**TASK TO CARRY OUT**
Which lines of the data below contain "mechanical"? Please show them all.

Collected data

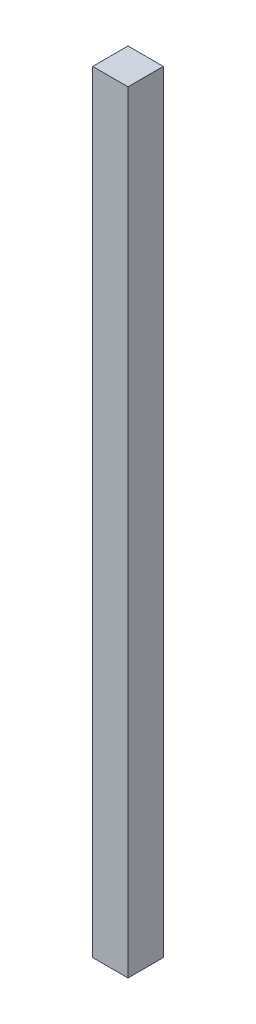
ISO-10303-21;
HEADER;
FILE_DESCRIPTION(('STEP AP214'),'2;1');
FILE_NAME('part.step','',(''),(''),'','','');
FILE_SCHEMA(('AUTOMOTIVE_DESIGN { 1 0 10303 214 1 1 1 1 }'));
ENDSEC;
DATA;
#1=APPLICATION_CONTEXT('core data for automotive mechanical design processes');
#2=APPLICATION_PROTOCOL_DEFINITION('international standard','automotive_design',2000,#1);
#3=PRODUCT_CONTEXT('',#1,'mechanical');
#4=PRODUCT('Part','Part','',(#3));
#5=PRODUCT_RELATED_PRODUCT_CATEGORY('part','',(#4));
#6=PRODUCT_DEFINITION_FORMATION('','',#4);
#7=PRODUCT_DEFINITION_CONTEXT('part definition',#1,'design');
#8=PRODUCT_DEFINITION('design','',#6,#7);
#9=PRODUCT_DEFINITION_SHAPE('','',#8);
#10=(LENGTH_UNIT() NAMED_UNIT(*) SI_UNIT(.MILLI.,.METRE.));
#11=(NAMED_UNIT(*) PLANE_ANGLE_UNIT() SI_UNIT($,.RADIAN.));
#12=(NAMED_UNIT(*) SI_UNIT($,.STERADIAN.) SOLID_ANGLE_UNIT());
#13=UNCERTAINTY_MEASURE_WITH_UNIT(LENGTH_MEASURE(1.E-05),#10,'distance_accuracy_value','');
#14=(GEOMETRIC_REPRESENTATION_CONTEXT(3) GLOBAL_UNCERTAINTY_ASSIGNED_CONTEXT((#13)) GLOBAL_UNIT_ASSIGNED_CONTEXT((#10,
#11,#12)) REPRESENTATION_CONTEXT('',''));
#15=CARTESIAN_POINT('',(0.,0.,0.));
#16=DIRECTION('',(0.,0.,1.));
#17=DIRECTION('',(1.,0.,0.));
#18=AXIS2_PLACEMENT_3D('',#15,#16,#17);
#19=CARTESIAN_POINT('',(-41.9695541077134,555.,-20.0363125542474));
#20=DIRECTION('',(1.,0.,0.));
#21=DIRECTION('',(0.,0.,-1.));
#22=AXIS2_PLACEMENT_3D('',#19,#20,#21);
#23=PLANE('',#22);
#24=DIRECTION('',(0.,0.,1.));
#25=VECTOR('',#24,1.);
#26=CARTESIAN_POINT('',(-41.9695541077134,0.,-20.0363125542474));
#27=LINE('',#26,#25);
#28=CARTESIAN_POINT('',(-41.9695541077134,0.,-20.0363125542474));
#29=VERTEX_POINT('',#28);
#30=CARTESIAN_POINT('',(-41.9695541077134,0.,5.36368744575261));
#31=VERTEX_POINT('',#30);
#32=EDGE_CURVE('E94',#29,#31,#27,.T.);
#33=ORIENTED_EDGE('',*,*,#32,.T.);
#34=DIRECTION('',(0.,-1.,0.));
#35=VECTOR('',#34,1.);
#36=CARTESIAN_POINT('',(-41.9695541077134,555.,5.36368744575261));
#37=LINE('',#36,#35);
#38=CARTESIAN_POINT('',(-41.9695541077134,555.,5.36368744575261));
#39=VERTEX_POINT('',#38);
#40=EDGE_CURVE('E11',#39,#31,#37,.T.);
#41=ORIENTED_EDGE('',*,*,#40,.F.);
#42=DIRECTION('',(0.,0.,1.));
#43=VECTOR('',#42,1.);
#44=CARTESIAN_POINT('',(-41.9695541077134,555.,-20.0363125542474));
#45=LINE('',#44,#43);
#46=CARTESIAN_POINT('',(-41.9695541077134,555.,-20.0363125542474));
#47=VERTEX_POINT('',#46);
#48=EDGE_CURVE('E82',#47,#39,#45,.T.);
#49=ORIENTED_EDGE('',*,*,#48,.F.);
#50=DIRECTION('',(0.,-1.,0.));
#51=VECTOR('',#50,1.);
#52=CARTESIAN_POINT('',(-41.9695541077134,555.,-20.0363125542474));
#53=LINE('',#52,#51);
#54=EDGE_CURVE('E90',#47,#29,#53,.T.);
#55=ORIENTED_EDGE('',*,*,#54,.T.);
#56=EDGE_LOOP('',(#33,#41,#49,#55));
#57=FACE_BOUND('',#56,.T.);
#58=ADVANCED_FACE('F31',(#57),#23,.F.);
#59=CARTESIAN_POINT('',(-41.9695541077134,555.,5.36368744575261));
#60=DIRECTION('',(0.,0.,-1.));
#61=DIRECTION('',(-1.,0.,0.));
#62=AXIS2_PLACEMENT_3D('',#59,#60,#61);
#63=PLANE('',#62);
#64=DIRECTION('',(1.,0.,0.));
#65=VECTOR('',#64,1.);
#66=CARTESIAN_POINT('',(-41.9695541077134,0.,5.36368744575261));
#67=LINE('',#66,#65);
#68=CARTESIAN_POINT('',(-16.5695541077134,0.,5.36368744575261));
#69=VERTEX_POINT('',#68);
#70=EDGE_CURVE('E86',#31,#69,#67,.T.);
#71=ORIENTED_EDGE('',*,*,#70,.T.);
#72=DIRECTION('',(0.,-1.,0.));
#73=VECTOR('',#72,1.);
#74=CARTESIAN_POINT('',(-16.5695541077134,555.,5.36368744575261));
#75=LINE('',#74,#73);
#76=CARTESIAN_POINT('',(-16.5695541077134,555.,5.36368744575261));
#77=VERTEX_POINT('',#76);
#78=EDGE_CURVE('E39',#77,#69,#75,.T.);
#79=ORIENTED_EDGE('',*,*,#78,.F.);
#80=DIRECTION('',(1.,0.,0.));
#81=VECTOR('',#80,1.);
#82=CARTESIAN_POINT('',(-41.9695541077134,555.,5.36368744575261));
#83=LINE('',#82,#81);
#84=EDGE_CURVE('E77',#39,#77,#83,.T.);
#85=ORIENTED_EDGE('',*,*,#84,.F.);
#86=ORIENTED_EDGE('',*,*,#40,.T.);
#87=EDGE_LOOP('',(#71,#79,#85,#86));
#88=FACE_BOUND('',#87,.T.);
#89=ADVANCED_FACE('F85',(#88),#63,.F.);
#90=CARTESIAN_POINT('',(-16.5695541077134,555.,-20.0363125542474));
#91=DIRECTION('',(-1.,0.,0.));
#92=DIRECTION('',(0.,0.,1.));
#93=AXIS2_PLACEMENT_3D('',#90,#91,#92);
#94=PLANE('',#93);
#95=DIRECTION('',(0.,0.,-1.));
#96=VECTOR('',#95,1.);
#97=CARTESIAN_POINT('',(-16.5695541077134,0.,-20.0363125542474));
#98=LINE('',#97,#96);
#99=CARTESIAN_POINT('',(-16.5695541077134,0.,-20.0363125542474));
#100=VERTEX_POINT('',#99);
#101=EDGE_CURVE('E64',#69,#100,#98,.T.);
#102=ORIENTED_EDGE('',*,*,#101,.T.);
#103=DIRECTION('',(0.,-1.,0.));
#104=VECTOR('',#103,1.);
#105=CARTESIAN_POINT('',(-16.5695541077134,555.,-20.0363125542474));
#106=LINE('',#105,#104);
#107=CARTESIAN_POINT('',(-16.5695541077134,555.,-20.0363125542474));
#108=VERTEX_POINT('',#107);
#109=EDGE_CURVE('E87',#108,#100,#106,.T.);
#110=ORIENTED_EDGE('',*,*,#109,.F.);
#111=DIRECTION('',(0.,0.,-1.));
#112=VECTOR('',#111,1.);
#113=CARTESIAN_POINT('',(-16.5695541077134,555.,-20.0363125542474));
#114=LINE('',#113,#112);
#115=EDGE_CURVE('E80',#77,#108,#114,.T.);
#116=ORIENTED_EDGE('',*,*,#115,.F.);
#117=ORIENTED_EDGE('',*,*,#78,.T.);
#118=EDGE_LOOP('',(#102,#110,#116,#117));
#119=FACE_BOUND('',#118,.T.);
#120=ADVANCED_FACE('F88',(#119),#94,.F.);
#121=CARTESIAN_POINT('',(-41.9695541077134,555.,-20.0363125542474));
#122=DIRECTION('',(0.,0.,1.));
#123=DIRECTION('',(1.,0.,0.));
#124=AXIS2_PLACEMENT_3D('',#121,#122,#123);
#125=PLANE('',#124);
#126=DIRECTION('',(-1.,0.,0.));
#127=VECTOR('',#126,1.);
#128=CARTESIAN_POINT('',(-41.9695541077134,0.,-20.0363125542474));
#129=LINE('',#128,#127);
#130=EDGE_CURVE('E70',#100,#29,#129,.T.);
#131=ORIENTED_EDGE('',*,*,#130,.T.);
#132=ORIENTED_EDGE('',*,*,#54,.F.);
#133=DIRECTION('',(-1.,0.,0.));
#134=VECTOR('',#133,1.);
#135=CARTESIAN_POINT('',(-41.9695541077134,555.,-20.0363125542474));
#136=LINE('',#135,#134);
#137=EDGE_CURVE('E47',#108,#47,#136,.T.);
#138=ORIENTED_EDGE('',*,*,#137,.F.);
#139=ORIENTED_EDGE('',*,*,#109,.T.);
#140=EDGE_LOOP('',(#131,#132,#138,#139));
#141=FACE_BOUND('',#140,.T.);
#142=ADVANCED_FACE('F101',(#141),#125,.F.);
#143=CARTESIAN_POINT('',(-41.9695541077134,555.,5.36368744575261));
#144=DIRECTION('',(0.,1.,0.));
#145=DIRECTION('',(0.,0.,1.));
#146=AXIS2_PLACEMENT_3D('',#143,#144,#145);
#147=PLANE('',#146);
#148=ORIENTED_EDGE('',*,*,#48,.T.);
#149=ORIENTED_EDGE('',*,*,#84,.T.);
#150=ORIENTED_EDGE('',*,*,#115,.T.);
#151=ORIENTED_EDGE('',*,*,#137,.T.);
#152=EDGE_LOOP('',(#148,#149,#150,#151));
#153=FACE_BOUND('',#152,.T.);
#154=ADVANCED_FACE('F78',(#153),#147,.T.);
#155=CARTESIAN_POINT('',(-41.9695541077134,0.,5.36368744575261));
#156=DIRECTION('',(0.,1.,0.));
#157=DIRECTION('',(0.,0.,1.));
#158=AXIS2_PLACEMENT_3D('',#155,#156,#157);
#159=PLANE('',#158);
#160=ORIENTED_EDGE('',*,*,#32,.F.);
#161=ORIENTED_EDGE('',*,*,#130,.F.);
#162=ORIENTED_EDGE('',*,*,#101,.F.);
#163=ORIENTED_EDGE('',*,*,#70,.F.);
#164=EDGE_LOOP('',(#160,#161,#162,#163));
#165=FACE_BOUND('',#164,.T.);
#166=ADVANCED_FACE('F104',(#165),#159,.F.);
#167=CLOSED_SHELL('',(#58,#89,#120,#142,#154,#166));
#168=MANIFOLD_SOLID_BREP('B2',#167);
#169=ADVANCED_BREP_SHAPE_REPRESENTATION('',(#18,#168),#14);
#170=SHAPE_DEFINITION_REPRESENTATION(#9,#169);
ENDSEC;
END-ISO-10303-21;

**RESPONSE TO THE TASK**
#1=APPLICATION_CONTEXT('core data for automotive mechanical design processes');
#3=PRODUCT_CONTEXT('',#1,'mechanical');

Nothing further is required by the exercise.